The multi-tenant architecture enables features that would be impractical in single-tenant deployments. Cross-merchant brand normalization, for instance, benefits from seeing how thousands of stores reference the same brands. Category taxonomy mapping improves with more training data from diverse merchants.
Custom domain support allows merchants to serve protocol endpoints from their own domain. A merchant configures a CNAME record pointing their domain to ORBEXA's edge, and SSL is automatically provisioned. From the AI agent's perspective, it is interacting directly with the merchant's domain, not with ORBEXA's infrastructure. This preserves brand identity while providing structured protocol access.
Real-Time vs. Batch Processing
Not all product data requires the same freshness guarantee. ORBEXA uses a tiered processing model.
Real-time processing handles price changes, inventory updates, and availability status transitions. These are the data points most likely to cause agent errors if stale. When a product goes out of stock, the knowledge graph must reflect this within minutes, not hours. Webhook-based integrations (Shopify, WooCommerce) enable near-instant propagation.
Batch processing handles less time-sensitive operations: full catalog re-crawls, enrichment passes (GTIN resolution, brand normalization), quality score recalculation, and schema drift detection. These run on scheduled intervals -- typically every few hours for active merchants.

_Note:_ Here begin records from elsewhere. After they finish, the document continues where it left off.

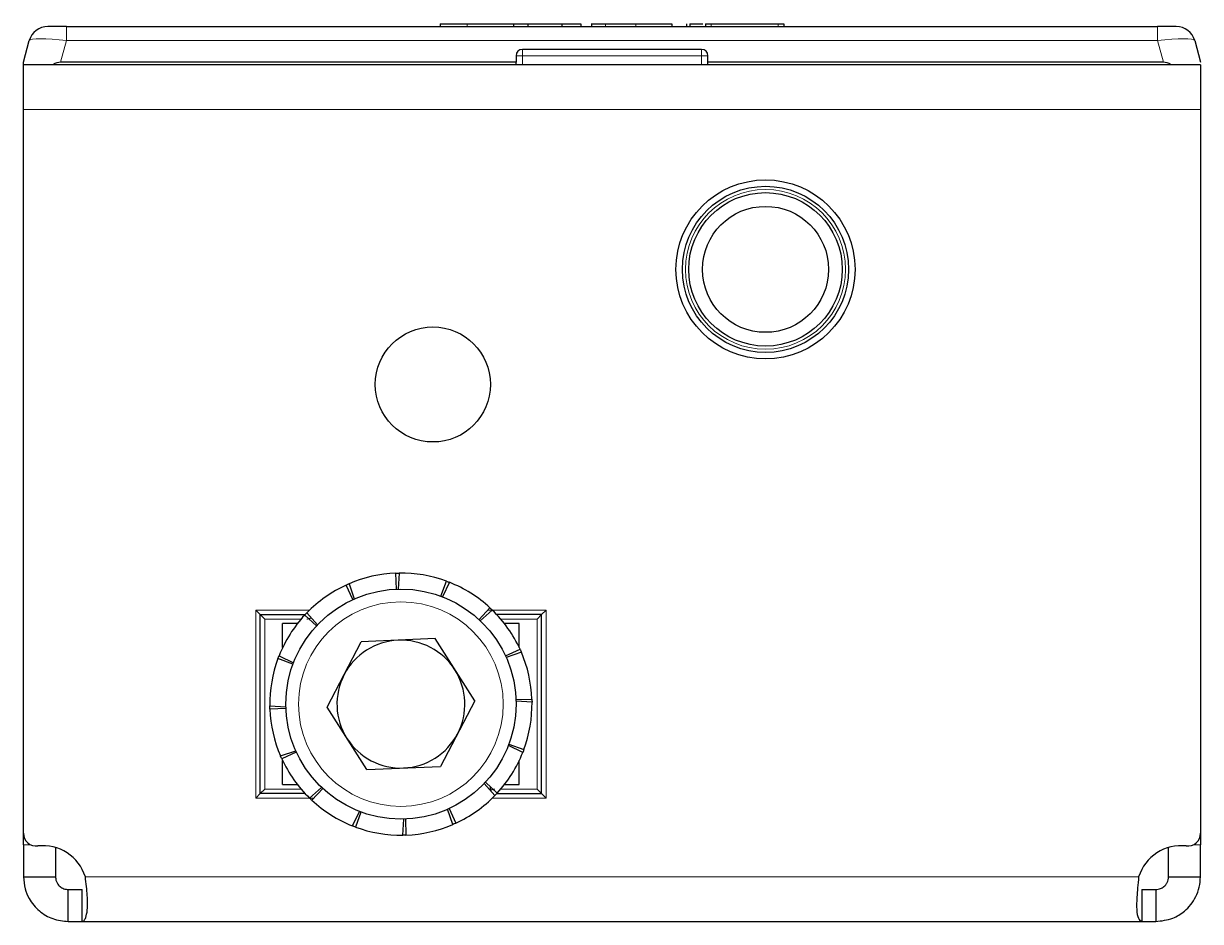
# Model space of a CAD drawing. Header units: millimetres. Extents: x -438 to 2930, y -470 to 591.
# Drawn here: x 504.6 to 596.6, y -183.3 to -113.1 of the extents above; entities that cross this region are included whole.
import ezdxf

# ---------------------------------------------------------------- set-up
doc = ezdxf.new("R2010")
doc.units = ezdxf.units.MM

msp = doc.modelspace()

# ---------------------------------------------------------------- linework, layer by layer
at = {"color": 7, "linetype": 'Continuous', "lineweight": 25}
for p, q in [((537.151, -113.097), (537.151, -113.297)), ((542.806, -113.097), (542.866, -113.097)), ((542.866, -113.097), (542.866, -113.297)), ((542.866, -113.097), (543.997, -113.097)), ((543.997, -113.097), (543.997, -113.297)), ((543.997, -113.097), (546.664, -113.097)), ((546.664, -113.097), (546.664, -113.297)), ((546.664, -113.097), (548.152, -113.097)), ((548.152, -113.097), (548.152, -113.297)), ((548.964, -113.072), (548.964, -113.297)), ((552.432, -113.097), (555.261, -113.097)), ((555.261, -113.097), (555.261, -113.297)), ((556.403, -113.097), (556.403, -113.297)), ((556.656, -113.097), (556.656, -113.297)), ((557.892, -113.097), (557.892, -113.297)), ((558.327, -113.097), (563.571, -113.097)), ((564.006, -113.097), (564.006, -113.297)), ((507.929, -113.297), (506.48, -113.297)), ((507.929, -113.297), (593.228, -113.297)), ((594.677, -113.297), (593.228, -113.297)), ((504.578, -116.097), (505.031, -114.408)), ((596.126, -114.408), (596.578, -116.097)), ((543.078, -115.597), (543.078, -116.097)), ((557.578, -115.097), (543.578, -115.097)), ((558.078, -116.097), (558.078, -115.597)), ((504.578, -116.297), (504.578, -116.097)), ((504.578, -119.797), (504.578, -116.297)), ((596.578, -116.297), (504.578, -116.297)), ((543.078, -116.097), (507.476, -116.097)), ((543.078, -116.297), (543.078, -116.097)), ((593.681, -116.097), (558.078, -116.097)), ((558.078, -116.297), (558.078, -116.097)), ((596.578, -116.297), (596.578, -119.797)), ((504.578, -176.396), (504.578, -119.797)), ((596.578, -119.797), (596.578, -176.396)), ((533.731, -157.303), (533.683, -156.054)), ((533.933, -156.048), (533.857, -157.299)), ((530.316, -158.121), (529.794, -156.985)), ((530.022, -156.884), (530.43, -158.069)), ((537.199, -157.855), (537.633, -156.683)), ((537.866, -156.772), (537.317, -157.899)), ((522.728, -158.947), (523.078, -159.297)), ((526.728, -159.153), (527.56, -160.091)), ((540.192, -159.692), (541.041, -158.775)), ((541.222, -158.947), (540.284, -159.778)), ((545.078, -159.297), (545.428, -158.947)), ((523.078, -159.297), (526.591, -159.297)), ((523.078, -173.297), (523.078, -159.297)), ((523.078, -159.297), (523.428, -159.647)), ((524.828, -161.881), (524.828, -159.997)), ((525.993, -159.997), (524.828, -159.997)), ((527.474, -160.183), (526.556, -159.334)), ((545.078, -159.297), (541.566, -159.297)), ((543.328, -159.997), (542.164, -159.997)), ((543.328, -161.881), (543.328, -159.997)), ((544.728, -159.647), (545.078, -159.297)), ((545.078, -173.297), (545.078, -159.297)), ((528.31, -166.542), (530.982, -161.424)), ((536.75, -161.179), (530.982, -161.424)), ((539.847, -166.052), (536.75, -161.179)), ((525.637, -163.176), (524.464, -162.742)), ((524.554, -162.509), (525.681, -163.058)), ((542.254, -162.534), (543.39, -162.012)), ((543.491, -162.24), (542.306, -162.649)), ((523.829, -166.442), (525.081, -166.518)), ((539.847, -166.052), (537.175, -171.17)), ((543.072, -165.95), (544.321, -165.901)), ((544.327, -166.151), (543.076, -166.075)), ((525.085, -166.644), (523.836, -166.692)), ((531.407, -171.415), (528.31, -166.542)), ((524.665, -170.353), (525.851, -169.945)), ((525.902, -170.059), (524.767, -170.582)), ((543.603, -170.084), (542.476, -169.535)), ((542.52, -169.418), (543.692, -169.851)), ((524.828, -172.597), (524.828, -170.713)), ((543.328, -172.597), (543.328, -170.713)), ((531.407, -171.415), (537.175, -171.17)), ((523.078, -173.297), (523.428, -172.947)), ((524.828, -172.597), (525.993, -172.597)), ((526.934, -173.647), (527.873, -172.815)), ((527.965, -172.901), (527.115, -173.819)), ((541.429, -173.441), (540.597, -172.502)), ((540.683, -172.41), (541.6, -173.26)), ((541.078, -173.047), (541.078, -172.776)), ((542.164, -172.597), (543.328, -172.597)), ((544.728, -172.947), (545.078, -173.297)), ((522.728, -173.647), (523.078, -173.297)), ((526.591, -173.297), (523.078, -173.297)), ((541.566, -173.297), (545.078, -173.297)), ((545.078, -173.297), (545.428, -173.647)), ((530.291, -175.821), (530.84, -174.694)), ((530.957, -174.738), (530.524, -175.911)), ((538.135, -175.71), (537.726, -174.524)), ((537.841, -174.473), (538.363, -175.608)), ((534.224, -176.546), (534.3, -175.294)), ((534.425, -175.29), (534.474, -176.539)), ((504.578, -177.294), (504.578, -176.396)), ((596.578, -176.396), (596.578, -177.294)), ((504.578, -177.294), (504.578, -179.797)), ((507.078, -177.514), (507.078, -179.797)), ((594.078, -179.797), (594.078, -177.514)), ((596.578, -179.797), (596.578, -177.294)), ((504.578, -179.797), (507.078, -179.797)), ((594.078, -179.797), (596.578, -179.797)), ((508.078, -183.297), (508.078, -180.797)), ((508.078, -180.797), (509.165, -180.797)), ((509.165, -183.297), (509.165, -180.797)), ((591.992, -180.797), (591.992, -183.297)), ((591.992, -180.797), (593.078, -180.797)), ((593.078, -180.797), (593.078, -183.297)), ((508.078, -183.297), (509.165, -183.297)), ((509.165, -183.297), (591.992, -183.297)), ((591.992, -183.297), (593.078, -183.297))]:
    msp.add_line(p, q, dxfattribs=at)
at = {"color": 8, "linetype": 'Continuous', "lineweight": 18}
for p, q in [((539.261, -113.097), (539.261, -113.297)), ((550.07, -113.097), (550.07, -113.297)), ((552.432, -113.097), (552.432, -113.297)), ((558.327, -113.097), (558.327, -113.297)), ((563.571, -113.097), (563.571, -113.297)), ((507.929, -113.297), (507.929, -114.408)), ((593.228, -114.408), (593.228, -113.297)), ((507.929, -114.408), (507.476, -116.097)), ((593.228, -114.408), (507.929, -114.408)), ((593.681, -116.097), (593.228, -114.408)), ((543.578, -115.597), (543.078, -115.597)), ((543.578, -115.597), (543.578, -115.097)), ((543.578, -115.597), (543.578, -116.297)), ((557.578, -115.597), (543.578, -115.597)), ((557.578, -115.597), (557.578, -115.097)), ((557.578, -116.297), (557.578, -115.597)), ((557.578, -115.597), (558.078, -115.597)), ((596.578, -119.797), (504.578, -119.797)), ((522.728, -173.647), (522.728, -158.947)), ((522.728, -158.947), (526.934, -158.947)), ((540.882, -158.947), (541.222, -158.947)), ((541.223, -158.947), (545.428, -158.947)), ((545.428, -158.947), (545.428, -173.647)), ((526.278, -159.647), (523.428, -159.647)), ((523.428, -159.647), (523.428, -172.947)), ((544.728, -159.647), (541.878, -159.647)), ((544.728, -172.947), (544.728, -159.647)), ((523.428, -172.947), (526.278, -172.947)), ((541.878, -172.947), (544.728, -172.947)), ((526.934, -173.647), (522.728, -173.647)), ((527.275, -173.647), (526.934, -173.647)), ((545.428, -173.647), (541.223, -173.647)), ((505.138, -177.294), (504.578, -177.294)), ((596.578, -177.294), (596.019, -177.294)), ((591.746, -179.797), (509.41, -179.797))]:
    msp.add_line(p, q, dxfattribs=at)
at = {"color": 7, "linetype": 'Continuous', "lineweight": 25}
for centre, radius in [((562.578, -132.297), 7), ((562.578, -132.297), 6.5), ((562.578, -132.297), 6), ((562.578, -132.297), 4.925), ((536.578, -141.297), 4.5), ((534.078, -166.297), 9)]:
    msp.add_circle(centre, radius, dxfattribs=at)
at = {"color": 8, "linetype": 'Continuous', "lineweight": 18}
for centre, radius in [((562.578, -132.297), 6.25), ((534.078, -166.297), 8)]:
    msp.add_circle(centre, radius, dxfattribs=at)
at = {"color": 7, "linetype": 'Continuous', "lineweight": 25}
for centre, radius, start, end in [((506.48, -114.797), 1.5, 90, 165), ((594.677, -114.797), 1.5, 15, 90), ((543.578, -115.597), 0.5, 90, 180), ((557.578, -115.597), 0.5, 0, 90), ((534.078, -166.297), 10.25, 92.21037, 113.31447), ((534.078, -166.297), 10.25, 69.71037, 90.81447), ((534.078, -166.297), 10.25, 114.71037, 135.81447), ((534.078, -166.297), 10.25, 47.21037, 68.31447), ((534.078, -166.297), 10.25, 24.71037, 45.81447), ((534.078, -166.297), 10.25, 137.21037, 158.31447), ((534.078, -166.297), 5, 92.43345, 152.43345), ((534.078, -166.297), 5, 32.43345, 92.43345), ((534.078, -166.297), 10.25, 159.71037, 180.81447), ((534.078, -166.297), 10.25, 2.21037, 23.31447), ((534.078, -166.297), 5, 332.43345, 32.43345), ((534.078, -166.297), 5, 152.43345, 212.43345), ((534.078, -166.297), 10.25, 339.71037, 0.81447), ((534.078, -166.297), 10.25, 182.21037, 203.31447), ((534.078, -166.297), 5, 212.43345, 272.43345), ((534.078, -166.297), 5, 272.43345, 332.43345), ((534.078, -166.297), 10.25, 317.21037, 338.31447), ((534.078, -166.297), 10.25, 204.71037, 225.81447), ((534.078, -166.297), 10.25, 227.21037, 248.31447), ((534.078, -166.297), 10.25, 294.71037, 315.81447), ((534.078, -166.297), 10.25, 272.21037, 293.31447), ((505.578, -176.396), 1, 180, 276.37937), ((534.078, -166.297), 10.25, 249.71037, 270.81447), ((595.578, -176.396), 1, 263.62063, 0), ((506.078, -180.868), 3.5, 17.82529, 96.37937), ((595.078, -180.868), 3.5, 83.62063, 162.17471)]:
    msp.add_arc(centre, radius, start, end, dxfattribs=at)
at = {"color": 8, "linetype": 'Continuous', "lineweight": 18}
for centre, major_axis, start_param, end_param in [((508.033, -114.797), (3.003, -0.382), 1.621093, 3.124852), ((593.124, -114.797), (3.003, 0.382), 0.016741, 1.520499)]:
    msp.add_ellipse(centre, major_axis=major_axis, ratio=0.123038, start_param=start_param, end_param=end_param, dxfattribs=at)
at = {"color": 7, "linetype": 'Continuous', "lineweight": 25}
for centre, major_axis, start_param, end_param in [((504.578, -127.688), (3.099, 11.565), 0.067037, 0.253072), ((596.578, -127.688), (-3.099, 11.565), 6.030113, 6.216148)]:
    msp.add_ellipse(centre, major_axis=major_axis, ratio=0.250563, start_param=start_param, end_param=end_param, dxfattribs=at)
for points, knots in [([(537.151, -113.097), (537.521, -113.097), (538.21, -113.097), (538.928, -113.097), (539.261, -113.097)], [0, 0, 0, 0, 0.5368, 1, 1, 1, 1]), ([(539.261, -113.097), (539.762, -113.097), (540.698, -113.097), (541.89, -113.097), (542.615, -113.097), (542.796, -113.097), (542.806, -113.097)], [0, 0, 0, 0, 0.381983, 0.713352, 0.984017, 1, 1, 1, 1]), ([(548.981, -113.097), (548.976, -113.097), (548.948, -113.097), (549.106, -113.097), (549.474, -113.097), (549.86, -113.097), (550.07, -113.097)], [0, 0, 0, 0, 0.061615, 0.333035, 0.637399, 1, 1, 1, 1]), ([(550.07, -113.097), (550.229, -113.097), (550.588, -113.097), (551.388, -113.097), (552.02, -113.097), (552.432, -113.097)], [0, 0, 0, 0, 0.2167419, 0.4896426, 1, 1, 1, 1]), ([(556.656, -113.097), (556.708, -113.097), (556.817, -113.097), (557.118, -113.097), (557.402, -113.097), (557.607, -113.097), (557.671, -113.097)], [0, 0, 0, 0, 0.2552772, 0.5383026, 0.8540781, 1, 1, 1, 1]), ([(556.832, -113.097), (556.946, -113.097), (557.19, -113.097), (557.495, -113.097), (557.671, -113.097), (557.671, -113.097)], [0, 0, 0, 0, 0.466249, 0.997338, 1, 1, 1, 1]), ([(557.892, -113.097), (557.901, -113.097), (557.917, -113.097), (558.033, -113.097), (558.175, -113.097), (558.276, -113.097), (558.327, -113.097)], [0, 0, 0, 0, 0.285248, 0.560563, 0.777151, 1, 1, 1, 1]), ([(563.571, -113.097), (563.636, -113.097), (563.764, -113.097), (563.905, -113.097), (563.99, -113.097), (564.001, -113.097), (564.006, -113.097)], [0, 0, 0, 0, 0.281303, 0.555629, 0.773878, 1, 1, 1, 1]), ([(533.683, -156.054), (533.725, -156.053), (533.787, -156.051), (533.87, -156.049), (533.912, -156.048), (533.933, -156.048)], [0, 0, 0, 0, 0.4999808, 0.7499881, 1, 1, 1, 1]), ([(529.794, -156.985), (529.831, -156.968), (529.888, -156.942), (529.964, -156.908), (530.003, -156.892), (530.022, -156.884)], [0, 0, 0, 0, 0.4999808, 0.7499881, 1, 1, 1, 1]), ([(537.633, -156.683), (537.672, -156.697), (537.73, -156.719), (537.808, -156.749), (537.847, -156.764), (537.866, -156.772)], [0, 0, 0, 0, 0.499981, 0.749988, 1, 1, 1, 1]), ([(526.556, -159.334), (526.585, -159.303), (526.627, -159.258), (526.685, -159.197), (526.714, -159.168), (526.728, -159.153)], [0, 0, 0, 0, 0.499981, 0.749988, 1, 1, 1, 1]), ([(541.041, -158.775), (541.072, -158.803), (541.117, -158.846), (541.178, -158.903), (541.208, -158.932), (541.222, -158.947)], [0, 0, 0, 0, 0.499981, 0.749988, 1, 1, 1, 1]), ([(524.464, -162.742), (524.479, -162.703), (524.501, -162.645), (524.531, -162.567), (524.546, -162.529), (524.554, -162.509)], [0, 0, 0, 0, 0.499981, 0.749988, 1, 1, 1, 1]), ([(543.39, -162.012), (543.407, -162.05), (543.433, -162.107), (543.467, -162.183), (543.483, -162.221), (543.491, -162.24)], [0, 0, 0, 0, 0.499981, 0.749988, 1, 1, 1, 1]), ([(523.836, -166.692), (523.835, -166.65), (523.832, -166.588), (523.83, -166.505), (523.83, -166.463), (523.829, -166.442)], [0, 0, 0, 0, 0.499981, 0.749988, 1, 1, 1, 1]), ([(544.321, -165.901), (544.322, -165.943), (544.324, -166.005), (544.326, -166.089), (544.327, -166.13), (544.327, -166.151)], [0, 0, 0, 0, 0.4999808, 0.7499881, 1, 1, 1, 1]), ([(543.692, -169.851), (543.678, -169.89), (543.656, -169.949), (543.626, -170.026), (543.611, -170.065), (543.603, -170.084)], [0, 0, 0, 0, 0.499981, 0.749988, 1, 1, 1, 1]), ([(524.767, -170.582), (524.75, -170.544), (524.724, -170.487), (524.69, -170.411), (524.674, -170.373), (524.665, -170.353)], [0, 0, 0, 0, 0.499981, 0.749988, 1, 1, 1, 1]), ([(527.115, -173.819), (527.085, -173.79), (527.039, -173.748), (526.979, -173.69), (526.949, -173.661), (526.934, -173.647)], [0, 0, 0, 0, 0.4999808, 0.7499881, 1, 1, 1, 1]), ([(541.6, -173.26), (541.572, -173.29), (541.529, -173.336), (541.472, -173.396), (541.443, -173.426), (541.429, -173.441)], [0, 0, 0, 0, 0.499981, 0.749988, 1, 1, 1, 1]), ([(538.363, -175.608), (538.325, -175.625), (538.268, -175.651), (538.192, -175.685), (538.154, -175.701), (538.135, -175.71)], [0, 0, 0, 0, 0.4999808, 0.7499881, 1, 1, 1, 1]), ([(530.524, -175.911), (530.485, -175.896), (530.427, -175.874), (530.349, -175.844), (530.31, -175.829), (530.291, -175.821)], [0, 0, 0, 0, 0.499981, 0.749988, 1, 1, 1, 1]), ([(534.474, -176.539), (534.432, -176.541), (534.37, -176.543), (534.286, -176.545), (534.245, -176.545), (534.224, -176.546)], [0, 0, 0, 0, 0.4999808, 0.7499881, 1, 1, 1, 1]), ([(504.578, -179.797), (504.603, -180.113), (504.649, -180.703), (505.049, -181.649), (505.762, -182.515), (506.859, -183.173), (507.665, -183.255), (508.078, -183.297)], [0, 0, 0, 0, 0.17084, 0.319217, 0.548103, 0.767822, 1, 1, 1, 1]), ([(507.078, -179.797), (507.085, -179.887), (507.098, -180.054), (507.192, -180.275), (507.307, -180.442), (507.437, -180.57), (507.577, -180.667), (507.801, -180.773), (507.964, -180.787), (508.078, -180.797)], [0, 0, 0, 0, 0.154359, 0.287283, 0.400435, 0.496544, 0.604314, 0.723151, 1, 1, 1, 1]), ([(509.165, -183.297), (509.218, -183.28), (509.318, -183.248), (509.465, -182.965), (509.566, -182.503), (509.583, -181.874), (509.563, -181.259), (509.508, -180.553), (509.443, -180.053), (509.41, -179.797)], [0, 0, 0, 0, 0.144067, 0.271276, 0.474907, 0.597997, 0.726338, 0.860245, 1, 1, 1, 1]), ([(591.746, -179.797), (591.716, -180.091), (591.66, -180.643), (591.591, -181.545), (591.569, -182.428), (591.706, -183.153), (591.894, -183.248), (591.992, -183.297)], [0, 0, 0, 0, 0.16069, 0.3013121, 0.5219513, 0.7535732, 1, 1, 1, 1]), ([(593.078, -180.797), (593.205, -180.784), (593.419, -180.763), (593.687, -180.604), (593.866, -180.425), (593.982, -180.242), (594.063, -180.027), (594.073, -179.875), (594.078, -179.797)], [0, 0, 0, 0, 0.296302, 0.497469, 0.6154973, 0.73607, 0.8631142, 1, 1, 1, 1]), ([(593.078, -183.297), (593.535, -183.246), (594.34, -183.157), (595.25, -182.587), (595.841, -181.988), (596.241, -181.355), (596.523, -180.611), (596.559, -180.073), (596.578, -179.797)], [0, 0, 0, 0, 0.254149, 0.448213, 0.574908, 0.708872, 0.850468, 1, 1, 1, 1])]:
    msp.add_open_spline(points, degree=3, knots=knots, dxfattribs=at)
at = {"color": 8, "linetype": 'Continuous', "lineweight": 18}
for points, knots in [([(526.728, -159.647), (526.767, -159.644), (526.83, -159.639), (526.91, -159.618), (526.97, -159.597), (527.02, -159.574), (527.055, -159.559), (527.075, -159.549), (527.077, -159.547), (527.078, -159.547)], [0, 0, 0, 0, 0.208592, 0.336235, 0.479855, 0.625864, 0.760785, 0.885235, 1, 1, 1, 1]), ([(541.078, -173.047), (541.08, -173.046), (541.082, -173.045), (541.102, -173.035), (541.137, -173.019), (541.187, -172.997), (541.247, -172.975), (541.326, -172.954), (541.389, -172.95), (541.428, -172.947)], [0, 0, 0, 0, 0.114765, 0.239215, 0.374136, 0.520145, 0.663765, 0.791408, 1, 1, 1, 1])]:
    msp.add_open_spline(points, degree=3, knots=knots, dxfattribs=at)

doc.saveas('drawing.dxf')

The boundary between real-time and batch is configurable per merchant. A flash-sale retailer might need real-time processing for all data points. A bookstore with stable pricing can operate entirely on batch processing without meaningful accuracy loss.
The Impact
Stores with structured data served through standardized protocol endpoints appear in the surfaces that increasingly drive commerce: ChatGPT's shopping experience, Google's AI Mode in Search, Microsoft Copilot's product recommendations, and Perplexity's buy-enabled search results.
The transformation from HTML product pages to knowledge graph entries is not a cosmetic change. It is the difference between being visible and being invisible to the next generation of commerce interfaces. As AI agents grow from niche tools to primary shopping interfaces, the stores that invest in structured, protocol-accessible data will capture a disproportionate share of agent-driven transactions.
The knowledge graph is the new storefront. The protocol endpoint is the new front door.